Extracted records.
+-------+

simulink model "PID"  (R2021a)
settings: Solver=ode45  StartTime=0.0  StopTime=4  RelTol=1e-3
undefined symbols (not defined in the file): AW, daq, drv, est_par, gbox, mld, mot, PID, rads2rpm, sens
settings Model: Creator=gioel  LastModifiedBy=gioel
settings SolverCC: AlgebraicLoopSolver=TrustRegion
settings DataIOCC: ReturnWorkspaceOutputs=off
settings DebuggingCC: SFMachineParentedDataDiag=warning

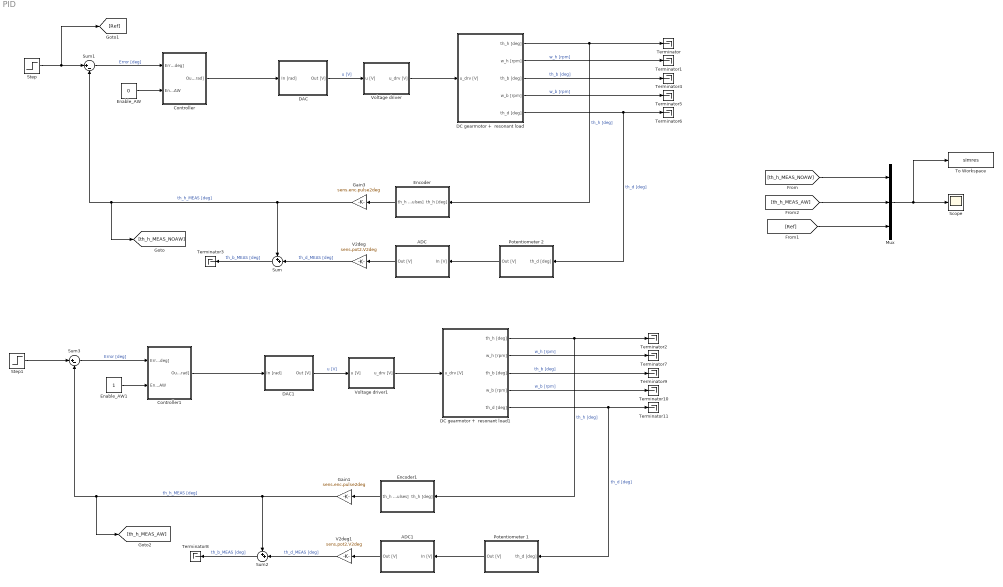
== system PID ==
  ADC : Subsystem
  ADC1 : Subsystem
  Controller : Subsystem
  Controller1 : Subsystem
  DAC : Subsystem
  DAC1 : Subsystem
  DC gearmotor +  resonant load : Subsystem
  DC gearmotor +  resonant load1 : Subsystem
  Enable_AW : Constant  Value=0
  Enable_AW1 : Constant
  Encoder : Subsystem
  Encoder1 : Subsystem
  Gain1 : Gain  Gain=sens.enc.pulse2deg
  Gain3 : Gain  Gain=sens.enc.pulse2deg
  Mux : Mux  Inputs=3
  Potentiometer 1 : Subsystem
  Potentiometer 2 : Subsystem
  Scope : Scope
  Step : Step  Time=0  After=120  SampleTime=0
  Step1 : Step  Time=0  After=120  SampleTime=0
  Sum : Sum  Inputs=++|
  Sum1 : Sum  Inputs=|+-
  Sum2 : Sum  Inputs=++|
  Sum3 : Sum  Inputs=|+-
  Terminator{,1..11} (12 alike) : Terminator
  To Workspace : ToWorkspace  VariableName=simres  SaveFormat=Structure With Time  SampleTime=-1
  V2deg : Gain  Gain=sens.pot2.V2deg
  V2deg1 : Gain  Gain=sens.pot2.V2deg
  Voltage driver : Subsystem
  Voltage driver1 : Subsystem
  wires:
  DAC/1(Out [V]) -> Voltage driver/1(u [V])  "u [V]"
  Encoder/1(th_h [pulses]) -> Gain3/1
  Controller/1(Out [rad]) -> DAC/1(In [rad])
  Potentiometer 2/1(Out [V]) -> ADC/1(In [V])
  ADC/1(Out [V]) -> V2deg/1
  V2deg/1 -> Sum/2  "th_d_MEAS [deg]"
  Gain3/1 -> Sum1/2, [th_h_MEAS_NOAW], Sum/1  "th_h_MEAS [deg]"
  Sum/1 -> Terminator3/1  "th_b_MEAS [deg]"
  Voltage driver/1(u_drv [V]) -> DC gearmotor +  resonant load/1(u_drv [V])
  DC gearmotor +  resonant load/1(th_h [deg]) -> Terminator/1, Encoder/1(th_h [deg])  "th_h [deg]"
  DC gearmotor +  resonant load/2(w_h [rpm]) -> Terminator1/1  "w_h [rpm]"
  DC gearmotor +  resonant load/3(th_b [deg]) -> Terminator4/1  "th_b [deg]"
  DC gearmotor +  resonant load/4(w_b [rpm]) -> Terminator5/1  "w_b [rpm]"
  DC gearmotor +  resonant load/5(th_d [deg]) -> Terminator6/1, Potentiometer 2/1(th_d [deg])  "th_d [deg]"
  Sum1/1 -> Controller/1(Error [deg])  "Error [deg]"
  Step/1 -> [Ref], Sum1/1
  Enable_AW/1 -> Controller/2(Enable_AW)
  Mux/1 -> To Workspace/1, Scope/1
  [th_h_MEAS_NOAW] -> Mux/1
  Enable_AW1/1 -> Controller1/2(Enable_AW)
  Step1/1 -> Sum3/1
  Sum3/1 -> Controller1/1(Error [deg])  "Error [deg]"
  DC gearmotor +  resonant load1/5(th_d [deg]) -> Potentiometer 1/1(th_d [deg]), Terminator11/1  "th_d [deg]"
  DC gearmotor +  resonant load1/4(w_b [rpm]) -> Terminator10/1  "w_b [rpm]"
  DC gearmotor +  resonant load1/3(th_b [deg]) -> Terminator9/1  "th_b [deg]"
  DC gearmotor +  resonant load1/2(w_h [rpm]) -> Terminator7/1  "w_h [rpm]"
  DC gearmotor +  resonant load1/1(th_h [deg]) -> Encoder1/1(th_h [deg]), Terminator2/1  "th_h [deg]"
  Voltage driver1/1(u_drv [V]) -> DC gearmotor +  resonant load1/1(u_drv [V])
  Sum2/1 -> Terminator8/1  "th_b_MEAS [deg]"
  Gain1/1 -> Sum2/1, [th_h_MEAS_AW], Sum3/2  "th_h_MEAS [deg]"
  V2deg1/1 -> Sum2/2  "th_d_MEAS [deg]"
  ADC1/1(Out [V]) -> V2deg1/1
  Potentiometer 1/1(Out [V]) -> ADC1/1(In [V])
  Controller1/1(Out [rad]) -> DAC1/1(In [rad])
  Encoder1/1(th_h [pulses]) -> Gain1/1
  DAC1/1(Out [V]) -> Voltage driver1/1(u [V])  "u [V]"
  [Ref] -> Mux/3
  [th_h_MEAS_AW] -> Mux/2

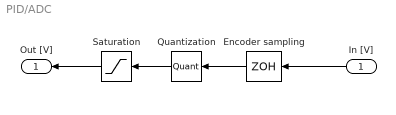
== system PID/ADC ==
  In [V] : Inport
  Encoder sampling : ZeroOrderHold  SampleTime=sens.enc.T_s
  Quantization : Quantizer  QuantizationInterval=daq.adc.q
  Saturation : Saturate  UpperLimit=daq.adc.fs  LowerLimit=-daq.adc.fs
  Out [V] : Outport
  wires:
  Encoder sampling/1 -> Quantization/1
  Quantization/1 -> Saturation/1
  In [V]/1 -> Encoder sampling/1
  Saturation/1 -> Out [V]/1

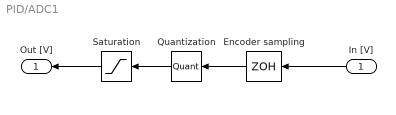
== system PID/ADC1 ==
  In [V] : Inport
  Encoder sampling : ZeroOrderHold  SampleTime=sens.enc.T_s
  Quantization : Quantizer  QuantizationInterval=daq.adc.q
  Saturation : Saturate  UpperLimit=daq.adc.fs  LowerLimit=-daq.adc.fs
  Out [V] : Outport
  wires:
  Saturation/1 -> Out [V]/1
  In [V]/1 -> Encoder sampling/1
  Quantization/1 -> Saturation/1
  Encoder sampling/1 -> Quantization/1

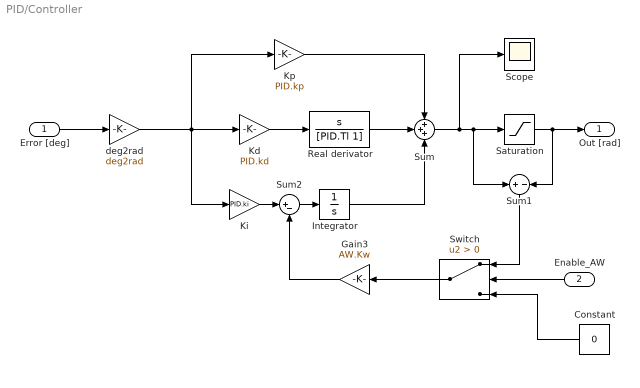
== system PID/Controller ==
  Error [deg] : Inport
  Enable_AW : Inport  Port=2
  Constant : Constant  Value=0
  Gain3 : Gain  Gain=AW.Kw
  Integrator : Integrator
  Kd : Gain  Gain=PID.kd
  Ki : Gain  Gain=PID.ki
  Kp : Gain  Gain=PID.kp
  Real derivator : TransferFcn  Numerator=[1 0]  Denominator=[PID.Tl 1]
  Saturation : Saturate  UpperLimit=10  LowerLimit=-10
  Scope : Scope
  Sum : Sum  Inputs=+++
  Sum1 : Sum  Inputs=+-
  Sum2 : Sum  Inputs=|+-
  Switch : Switch  Criteria=u2 > Threshold
  deg2rad : Gain  Gain=deg2rad
  Out [rad] : Outport
  wires:
  Real derivator/1 -> Sum/2
  Integrator/1 -> Sum/3
  Kp/1 -> Sum/1
  Kd/1 -> Real derivator/1
  Sum/1 -> Scope/1, Sum1/1, Saturation/1
  Saturation/1 -> Sum1/2, Out [rad]/1
  Sum1/1 -> Switch/1
  Switch/1 -> Gain3/1
  Gain3/1 -> Sum2/2
  Ki/1 -> Sum2/1
  Sum2/1 -> Integrator/1
  Enable_AW/1 -> Switch/2
  Constant/1 -> Switch/3
  Error [deg]/1 -> deg2rad/1
  deg2rad/1 -> Ki/1, Kp/1, Kd/1

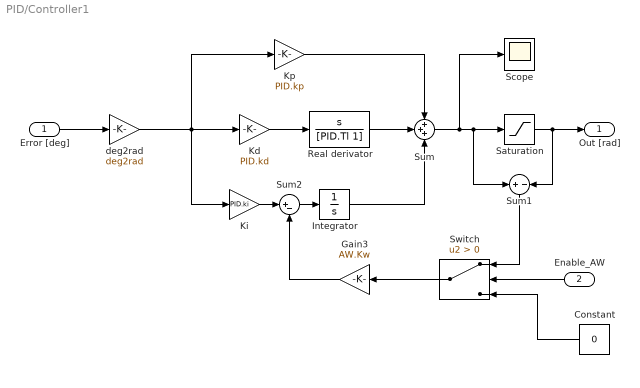
== system PID/Controller1 ==
  Error [deg] : Inport
  Enable_AW : Inport  Port=2
  Constant : Constant  Value=0
  Gain3 : Gain  Gain=AW.Kw
  Integrator : Integrator
  Kd : Gain  Gain=PID.kd
  Ki : Gain  Gain=PID.ki
  Kp : Gain  Gain=PID.kp
  Real derivator : TransferFcn  Numerator=[1 0]  Denominator=[PID.Tl 1]
  Saturation : Saturate  UpperLimit=10  LowerLimit=-10
  Scope : Scope
  Sum : Sum  Inputs=+++
  Sum1 : Sum  Inputs=+-
  Sum2 : Sum  Inputs=|+-
  Switch : Switch  Criteria=u2 > Threshold
  deg2rad : Gain  Gain=deg2rad
  Out [rad] : Outport
  wires:
  deg2rad/1 -> Kd/1, Kp/1, Ki/1
  Error [deg]/1 -> deg2rad/1
  Constant/1 -> Switch/3
  Enable_AW/1 -> Switch/2
  Sum2/1 -> Integrator/1
  Ki/1 -> Sum2/1
  Gain3/1 -> Sum2/2
  Switch/1 -> Gain3/1
  Sum1/1 -> Switch/1
  Saturation/1 -> Out [rad]/1, Sum1/2
  Sum/1 -> Saturation/1, Sum1/1, Scope/1
  Kd/1 -> Real derivator/1
  Kp/1 -> Sum/1
  Integrator/1 -> Sum/3
  Real derivator/1 -> Sum/2

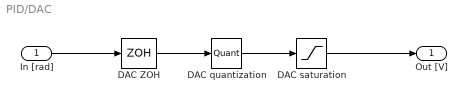
== system PID/DAC ==
  In [rad] : Inport
  DAC ZOH : ZeroOrderHold  SampleTime=sens.enc.T_s
  DAC quantization : Quantizer  QuantizationInterval=daq.dac.q
  DAC saturation : Saturate  UpperLimit=daq.dac.vdd  LowerLimit=daq.dac.vss
  Out [V] : Outport
  wires:
  DAC quantization/1 -> DAC saturation/1
  DAC ZOH/1 -> DAC quantization/1
  DAC saturation/1 -> Out [V]/1
  In [rad]/1 -> DAC ZOH/1

== system PID/DAC1 ==
  In [rad] : Inport
  DAC ZOH : ZeroOrderHold  SampleTime=sens.enc.T_s
  DAC quantization : Quantizer  QuantizationInterval=daq.dac.q
  DAC saturation : Saturate  UpperLimit=daq.dac.vdd  LowerLimit=daq.dac.vss
  Out [V] : Outport
  wires:
  In [rad]/1 -> DAC ZOH/1
  DAC saturation/1 -> Out [V]/1
  DAC ZOH/1 -> DAC quantization/1
  DAC quantization/1 -> DAC saturation/1

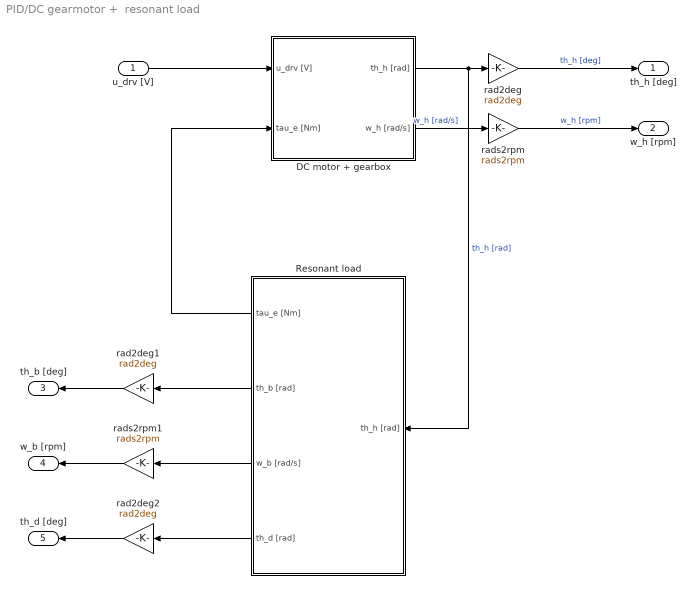
== system PID/DC gearmotor +  resonant load ==
  u_drv [V] : Inport
  DC motor + gearbox : Subsystem
  Resonant load : Subsystem
  rad2deg : Gain  Gain=rad2deg
  rad2deg1 : Gain  Gain=rad2deg
  rad2deg2 : Gain  Gain=rad2deg
  rads2rpm : Gain  Gain=rads2rpm
  rads2rpm1 : Gain  Gain=rads2rpm
  th_h [deg] : Outport
  w_h [rpm] : Outport  Port=2
  th_b [deg] : Outport  Port=3
  w_b [rpm] : Outport  Port=4
  th_d [deg] : Outport  Port=5
  wires:
  rads2rpm1/1 -> w_b [rpm]/1
  Resonant load/1(tau_e [Nm]) -> DC motor + gearbox/2(tau_e [Nm])
  DC motor + gearbox/2(w_h [rad/s]) -> rads2rpm/1  "w_h [rad/s]"
  rad2deg1/1 -> th_b [deg]/1
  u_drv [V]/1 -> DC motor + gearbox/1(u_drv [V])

+-------+

What you will do. Return a word-for-word copy of the lines above from the one holding "resonant load1/3(th_b [deg])" through the one holding "ADC1/1(Out [V]) -> V2deg1/1", with both of them included and nothing besides.

Response.
  DC gearmotor +  resonant load1/3(th_b [deg]) -> Terminator9/1  "th_b [deg]"
  DC gearmotor +  resonant load1/2(w_h [rpm]) -> Terminator7/1  "w_h [rpm]"
  DC gearmotor +  resonant load1/1(th_h [deg]) -> Encoder1/1(th_h [deg]), Terminator2/1  "th_h [deg]"
  Voltage driver1/1(u_drv [V]) -> DC gearmotor +  resonant load1/1(u_drv [V])
  Sum2/1 -> Terminator8/1  "th_b_MEAS [deg]"
  Gain1/1 -> Sum2/1, [th_h_MEAS_AW], Sum3/2  "th_h_MEAS [deg]"
  V2deg1/1 -> Sum2/2  "th_d_MEAS [deg]"
  ADC1/1(Out [V]) -> V2deg1/1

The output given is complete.